WORK INSTRUCTION
Search the data below for "AnalogInput"; list each line that holds it.
---------- PROVIDED MATERIAL ----------
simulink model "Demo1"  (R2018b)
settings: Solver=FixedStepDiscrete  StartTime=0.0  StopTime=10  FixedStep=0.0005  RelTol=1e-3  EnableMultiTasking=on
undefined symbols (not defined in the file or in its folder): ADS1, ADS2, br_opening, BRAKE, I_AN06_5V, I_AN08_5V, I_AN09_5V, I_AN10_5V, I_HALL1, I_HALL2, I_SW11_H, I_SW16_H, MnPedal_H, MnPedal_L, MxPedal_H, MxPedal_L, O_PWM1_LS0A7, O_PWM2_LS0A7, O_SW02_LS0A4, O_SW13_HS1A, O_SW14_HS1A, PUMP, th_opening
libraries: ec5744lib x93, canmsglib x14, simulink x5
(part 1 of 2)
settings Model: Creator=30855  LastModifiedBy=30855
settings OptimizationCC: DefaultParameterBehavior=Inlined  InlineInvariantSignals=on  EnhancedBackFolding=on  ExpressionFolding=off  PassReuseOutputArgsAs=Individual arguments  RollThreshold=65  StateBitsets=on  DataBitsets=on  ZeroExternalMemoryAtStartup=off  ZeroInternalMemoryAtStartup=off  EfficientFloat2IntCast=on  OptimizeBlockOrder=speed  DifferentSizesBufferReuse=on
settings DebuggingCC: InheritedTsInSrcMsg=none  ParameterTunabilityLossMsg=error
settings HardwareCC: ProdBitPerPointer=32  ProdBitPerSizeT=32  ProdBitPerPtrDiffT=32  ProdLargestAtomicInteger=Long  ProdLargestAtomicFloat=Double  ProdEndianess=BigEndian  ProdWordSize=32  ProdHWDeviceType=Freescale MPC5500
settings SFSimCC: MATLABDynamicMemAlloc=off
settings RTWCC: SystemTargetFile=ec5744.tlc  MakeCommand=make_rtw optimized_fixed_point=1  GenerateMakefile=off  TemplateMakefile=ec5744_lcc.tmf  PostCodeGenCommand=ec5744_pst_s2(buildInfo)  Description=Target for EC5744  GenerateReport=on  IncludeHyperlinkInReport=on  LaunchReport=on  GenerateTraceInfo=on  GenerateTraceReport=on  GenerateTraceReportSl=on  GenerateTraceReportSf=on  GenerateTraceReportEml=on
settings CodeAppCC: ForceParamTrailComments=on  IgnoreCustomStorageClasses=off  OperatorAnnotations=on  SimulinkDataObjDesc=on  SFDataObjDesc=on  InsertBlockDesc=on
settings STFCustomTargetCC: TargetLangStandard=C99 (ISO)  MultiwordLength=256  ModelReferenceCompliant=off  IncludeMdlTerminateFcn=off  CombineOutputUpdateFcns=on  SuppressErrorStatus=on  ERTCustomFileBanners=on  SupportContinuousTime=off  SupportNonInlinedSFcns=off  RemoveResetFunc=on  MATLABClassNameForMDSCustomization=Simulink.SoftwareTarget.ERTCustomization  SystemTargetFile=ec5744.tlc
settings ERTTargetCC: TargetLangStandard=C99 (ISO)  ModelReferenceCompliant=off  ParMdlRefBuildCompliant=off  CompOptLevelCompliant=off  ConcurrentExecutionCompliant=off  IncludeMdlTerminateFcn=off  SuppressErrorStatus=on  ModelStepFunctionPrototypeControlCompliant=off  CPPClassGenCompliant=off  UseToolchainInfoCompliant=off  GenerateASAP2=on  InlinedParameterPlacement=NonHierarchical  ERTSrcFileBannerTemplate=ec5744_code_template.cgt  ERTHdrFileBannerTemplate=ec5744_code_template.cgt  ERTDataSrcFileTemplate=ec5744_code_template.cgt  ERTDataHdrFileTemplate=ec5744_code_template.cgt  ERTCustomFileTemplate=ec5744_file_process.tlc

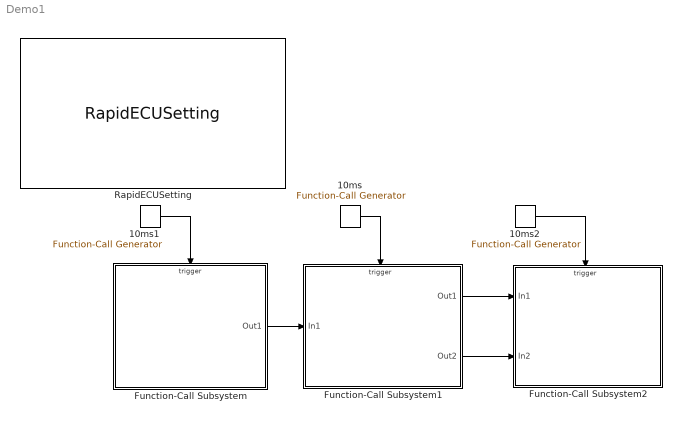
== system Demo1 ==
  10ms : simulink/Ports & Subsystems/Function-Call Generator  sample_time=0.01  numberOfIterations=1
  10ms1 : simulink/Ports & Subsystems/Function-Call Generator  sample_time=0.01  numberOfIterations=1
  10ms2 : simulink/Ports & Subsystems/Function-Call Generator  sample_time=0.01  numberOfIterations=1
  Function-Call Subsystem : Subsystem  TreatAsAtomicUnit=on
  Function-Call Subsystem1 : Subsystem  TreatAsAtomicUnit=on
  Function-Call Subsystem2 : Subsystem  TreatAsAtomicUnit=on
  RapidECUSetting : ec5744lib/RapidECU_U3/RapidECUSetting
      link override CAN: apdf=9  acmt=Extended(29-bit ID)  bpdf=9  cpdf=9  aboi=off  bcmt=Extended(29-bit ID)
      link override LIN: abrt=19200
      settings: SourceProductName=ECUCoder for MPC5744
  wires:
  10ms/1 -> Function-Call Subsystem1/Trigger
  Function-Call Subsystem/1(Out1) -> Function-Call Subsystem1/1(In1)
  Function-Call Subsystem1/1(Out1) -> Function-Call Subsystem2/1(In1)
  Function-Call Subsystem1/2(Out2) -> Function-Call Subsystem2/2(In2)
  10ms1/1 -> Function-Call Subsystem/Trigger
  10ms2/1 -> Function-Call Subsystem2/Trigger

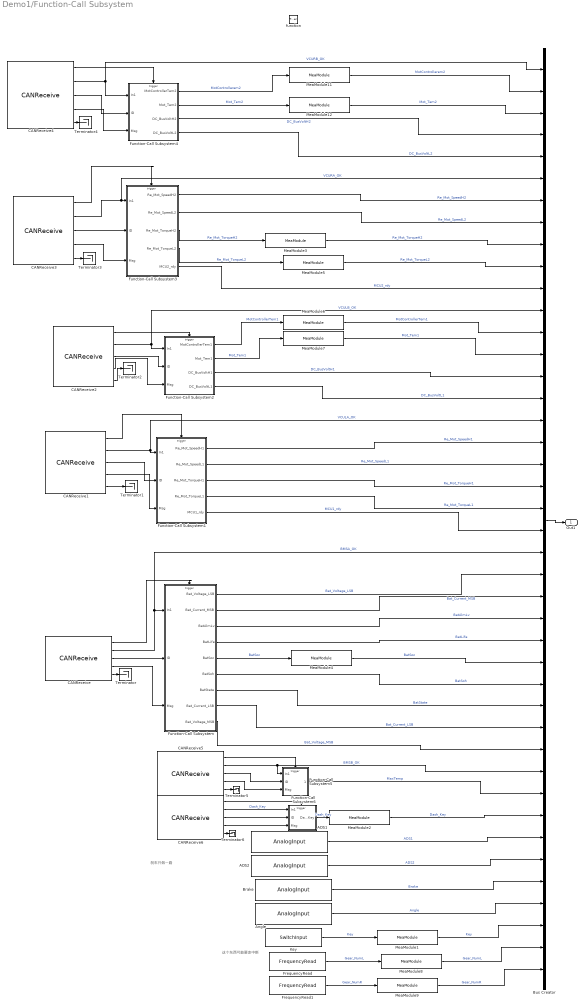
== system Demo1/Function-Call Subsystem ==
  note: 这个东西可能要走中断
  note: 刹车只做一路
  function : TriggerPort  TriggerType=function-call  VariantControl=Variant
  ADS1 : ec5744lib/RapidECU_U3/01BasicInput/AnalogInput  channel=54:I_AN08_5V  sampletime=-1
      settings: SourceProductName=ECUCoder for MPC5744
  ADS2 : ec5744lib/RapidECU_U3/01BasicInput/AnalogInput  channel=55:I_AN09_5V  sampletime=-1
      settings: SourceProductName=ECUCoder for MPC5744
  Angle : ec5744lib/RapidECU_U3/01BasicInput/AnalogInput  channel=56:I_AN10_5V  sampletime=-1
      settings: SourceProductName=ECUCoder for MPC5744
  Brake : ec5744lib/RapidECU_U3/01BasicInput/AnalogInput  channel=52:I_AN06_5V  sampletime=-1
      settings: SourceProductName=ECUCoder for MPC5744
  Bus Creator : BusCreator  Inputs=42
  CANReceive : ec5744lib/RapidECU_U3/04CANCommunication/CANReceive  canmodule=0  canbuffer=1  canmessageid=hex2dec('186040F3')  canmessagetype=Extended(29-bit ID)  datalength=8  sampletime=-1
      settings: SourceProductName=ECUCoder for MPC5744
  CANReceive1 : ec5744lib/RapidECU_U3/04CANCommunication/CANReceive  canmodule=1  canbuffer=6  canmessageid=hex2dec('CFFC6EF')  canmessagetype=Extended(29-bit ID)  datalength=8  sampletime=-1
      settings: SourceProductName=ECUCoder for MPC5744
  CANReceive2 : ec5744lib/RapidECU_U3/04CANCommunication/CANReceive  canmodule=1  canbuffer=4  canmessageid=hex2dec('CFFC7EF')  canmessagetype=Extended(29-bit ID)  datalength=8  sampletime=-1
      settings: SourceProductName=ECUCoder for MPC5744
  CANReceive3 : ec5744lib/RapidECU_U3/04CANCommunication/CANReceive  canmodule=1  canbuffer=2  canmessageid=hex2dec('CB221EF')  canmessagetype=Extended(29-bit ID)  datalength=8  sampletime=-1
      settings: SourceProductName=ECUCoder for MPC5744
  CANReceive4 : ec5744lib/RapidECU_U3/04CANCommunication/CANReceive  canmodule=1  canbuffer=0  canmessageid=hex2dec('CB321EF')  canmessagetype=Extended(29-bit ID)  datalength=8  sampletime=-1
      settings: SourceProductName=ECUCoder for MPC5744
  CANReceive5 : ec5744lib/RapidECU_U3/04CANCommunication/CANReceive  canmodule=0  canbuffer=3  canmessageid=hex2dec('186240F3')  canmessagetype=Extended(29-bit ID)  datalength=8  sampletime=-1
      settings: SourceProductName=ECUCoder for MPC5744
  CANReceive6 : ec5744lib/RapidECU_U3/04CANCommunication/CANReceive  canmodule=0  canbuffer=5  canmessageid=hex2dec('155')  canmessagetype=Extended(29-bit ID)  datalength=8  sampletime=-1
      settings: SourceProductName=ECUCoder for MPC5744
  FrequencyRead : ec5744lib/RapidECU_U3/01BasicInput/FrequencyRead  channel=37:I_HALL1  sampletime=-1
      settings: SourceProductName=ECUCoder for MPC5744
  FrequencyRead1 : ec5744lib/RapidECU_U3/01BasicInput/FrequencyRead  channel=103:I_SW16_H/I_HALL2  sampletime=-1
      settings: SourceProductName=ECUCoder for MPC5744
  Function-Call Subsystem : Subsystem  TreatAsAtomicUnit=on
  Function-Call Subsystem1 : Subsystem  TreatAsAtomicUnit=on
  Function-Call Subsystem2 : Subsystem  TreatAsAtomicUnit=on
  Function-Call Subsystem3 : Subsystem  TreatAsAtomicUnit=on
  Function-Call Subsystem4 : Subsystem  TreatAsAtomicUnit=on
  Function-Call Subsystem5 : Subsystem  TreatAsAtomicUnit=on
  Function-Call Subsystem6 : Subsystem  TreatAsAtomicUnit=on
  Key : ec5744lib/RapidECU_U3/01BasicInput/SwitchInput  channel=44:I_SW11_H  sampletime=-1
      settings: SourceProductName=ECUCoder for MPC5744
  MeaModule1 : ec5744lib/RapidECU_U3/07Calibration/MeaModule  signal=Key
      settings: SourceProductName=ECUCoder for MPC5744
  MeaModule11 : ec5744lib/RapidECU_U3/07Calibration/MeaModule  signal=MotConTem2
      settings: SourceProductName=ECUCoder for MPC5744
  MeaModule12 : ec5744lib/RapidECU_U3/07Calibration/MeaModule  signal=MotTem2
      settings: SourceProductName=ECUCoder for MPC5744
  MeaModule2 : ec5744lib/RapidECU_U3/07Calibration/MeaModule  signal=Dash_Key
      settings: SourceProductName=ECUCoder for MPC5744
  MeaModule3 : ec5744lib/RapidECU_U3/07Calibration/MeaModule  signal=Re_Mot_ToqH
      settings: SourceProductName=ECUCoder for MPC5744
  MeaModule4 : ec5744lib/RapidECU_U3/07Calibration/MeaModule  signal=BatSoc
      settings: SourceProductName=ECUCoder for MPC5744
  MeaModule5 : ec5744lib/RapidECU_U3/07Calibration/MeaModule  signal=Re_MotToqL
      settings: SourceProductName=ECUCoder for MPC5744
  MeaModule6 : ec5744lib/RapidECU_U3/07Calibration/MeaModule  signal=MotConTem1
      settings: SourceProductName=ECUCoder for MPC5744
  MeaModule7 : ec5744lib/RapidECU_U3/07Calibration/MeaModule  signal=MotTem1
      settings: SourceProductName=ECUCoder for MPC5744
  MeaModule8 : ec5744lib/RapidECU_U3/07Calibration/MeaModule  signal=HTime_L
      settings: SourceProductName=ECUCoder for MPC5744
  MeaModule9 : ec5744lib/RapidECU_U3/07Calibration/MeaModule  signal=HTime_R
      settings: SourceProductName=ECUCoder for MPC5744
  Terminator{,1..6} (7 alike) : Terminator
  Out1 : Outport
  wires:
  ADS1/1 -> Bus Creator/36  "ADS1"
  ADS2/1 -> Bus Creator/37  "ADS2"
  Brake/1 -> Bus Creator/38  "Brake"
  Angle/1 -> Bus Creator/39  "Angle"
  Bus Creator/1 -> Out1/1
  Key/1 -> MeaModule1/1  "Key"
  CANReceive/1 -> Function-Call Subsystem/Trigger
  CANReceive/2 -> Bus Creator/23, Function-Call Subsystem/1(In1)  "BMSA_OK"
  CANReceive/3 -> Function-Call Subsystem/2(ID)
  CANReceive/4 -> Function-Call Subsystem/3(Msg)
  CANReceive/5 -> Terminator/1
  Function-Call Subsystem/1(Bat_Voltage_LSB) -> Bus Creator/24  "Bat_Voltage_LSB"
  Function-Call Subsystem/2(Bat_Current_MSB) -> Bus Creator/25  "Bat_Current_MSB"
  Function-Call Subsystem/3(BatAlmLv) -> Bus Creator/26  "BatAlmLv"
  Function-Call Subsystem/4(BatLife) -> Bus Creator/27  "BatLife"
  Function-Call Subsystem/5(BatSoc) -> MeaModule4/1  "BatSoc"
  Function-Call Subsystem/6(BatSoh) -> Bus Creator/29  "BatSoh"
  Function-Call Subsystem/7(BatState) -> Bus Creator/30  "BatState"
  Function-Call Subsystem/8(Bat_Current_LSB) -> Bus Creator/31  "Bat_Current_LSB"
  FrequencyRead/1 -> MeaModule8/1  "Gear_NumL"
  CANReceive1/5 -> Terminator1/1
  CANReceive1/4 -> Function-Call Subsystem1/3(Msg)
  CANReceive1/3 -> Function-Call Subsystem1/2(ID)
  CANReceive1/2 -> Bus Creator/17, Function-Call Subsystem1/1(In1)  "VCULA_OK"
  CANReceive1/1 -> Function-Call Subsystem1/Trigger
  CANReceive2/1 -> Function-Call Subsystem2/Trigger
  CANReceive2/2 -> Function-Call Subsystem2/1(In1), Bus Creator/12  "VCULB_OK"
  CANReceive2/3 -> Function-Call Subsystem2/2(ID)
  CANReceive2/4 -> Function-Call Subsystem2/3(Msg)
  CANReceive2/5 -> Terminator2/1
  CANReceive3/5 -> Terminator3/1
  CANReceive3/4 -> Function-Call Subsystem3/3(Msg)
  CANReceive3/3 -> Function-Call Subsystem3/2(ID)
  CANReceive3/2 -> Bus Creator/6, Function-Call Subsystem3/1(In1)  "VCURA_OK"
  CANReceive3/1 -> Function-Call Subsystem3/Trigger
  CANReceive4/1 -> Function-Call Subsystem4/Trigger
  CANReceive4/2 -> Bus Creator/1, Function-Call Subsystem4/1(In1)  "VCURB_OK"
  CANReceive4/3 -> Function-Call Subsystem4/2(ID)
  CANReceive4/4 -> Function-Call Subsystem4/3(Msg)
  CANReceive4/5 -> Terminator4/1
  Function-Call Subsystem1/4(Re_Mot_TorqueL1) -> Bus Creator/21  "Re_Mot_TorqueL1"
  Function-Call Subsystem1/3(Re_Mot_TorqueH1) -> Bus Creator/20  "Re_Mot_TorqueH1"
  Function-Call Subsystem1/2(Re_Mot_SpeedL1) -> Bus Creator/19  "Re_Mot_SpeedL1"
  Function-Call Subsystem1/1(Re_Mot_SpeedH1) -> Bus Creator/18  "Re_Mot_SpeedH1"
  Function-Call Subsystem2/2(Mot_Tem1) -> MeaModule7/1  "Mot_Tem1"
  Function-Call Subsystem2/1(MotControllerTem1) -> MeaModule6/1  "MotControllerTem1"
  Function-Call Subsystem3/4(Re_Mot_TorqueL2) -> MeaModule5/1  "Re_Mot_TorqueL2"
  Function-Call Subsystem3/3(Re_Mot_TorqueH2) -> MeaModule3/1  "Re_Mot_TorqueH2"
----------
ANSWER TO THIS TASK
  ADS1 : ec5744lib/RapidECU_U3/01BasicInput/AnalogInput  channel=54:I_AN08_5V  sampletime=-1
  ADS2 : ec5744lib/RapidECU_U3/01BasicInput/AnalogInput  channel=55:I_AN09_5V  sampletime=-1
  Angle : ec5744lib/RapidECU_U3/01BasicInput/AnalogInput  channel=56:I_AN10_5V  sampletime=-1
  Brake : ec5744lib/RapidECU_U3/01BasicInput/AnalogInput  channel=52:I_AN06_5V  sampletime=-1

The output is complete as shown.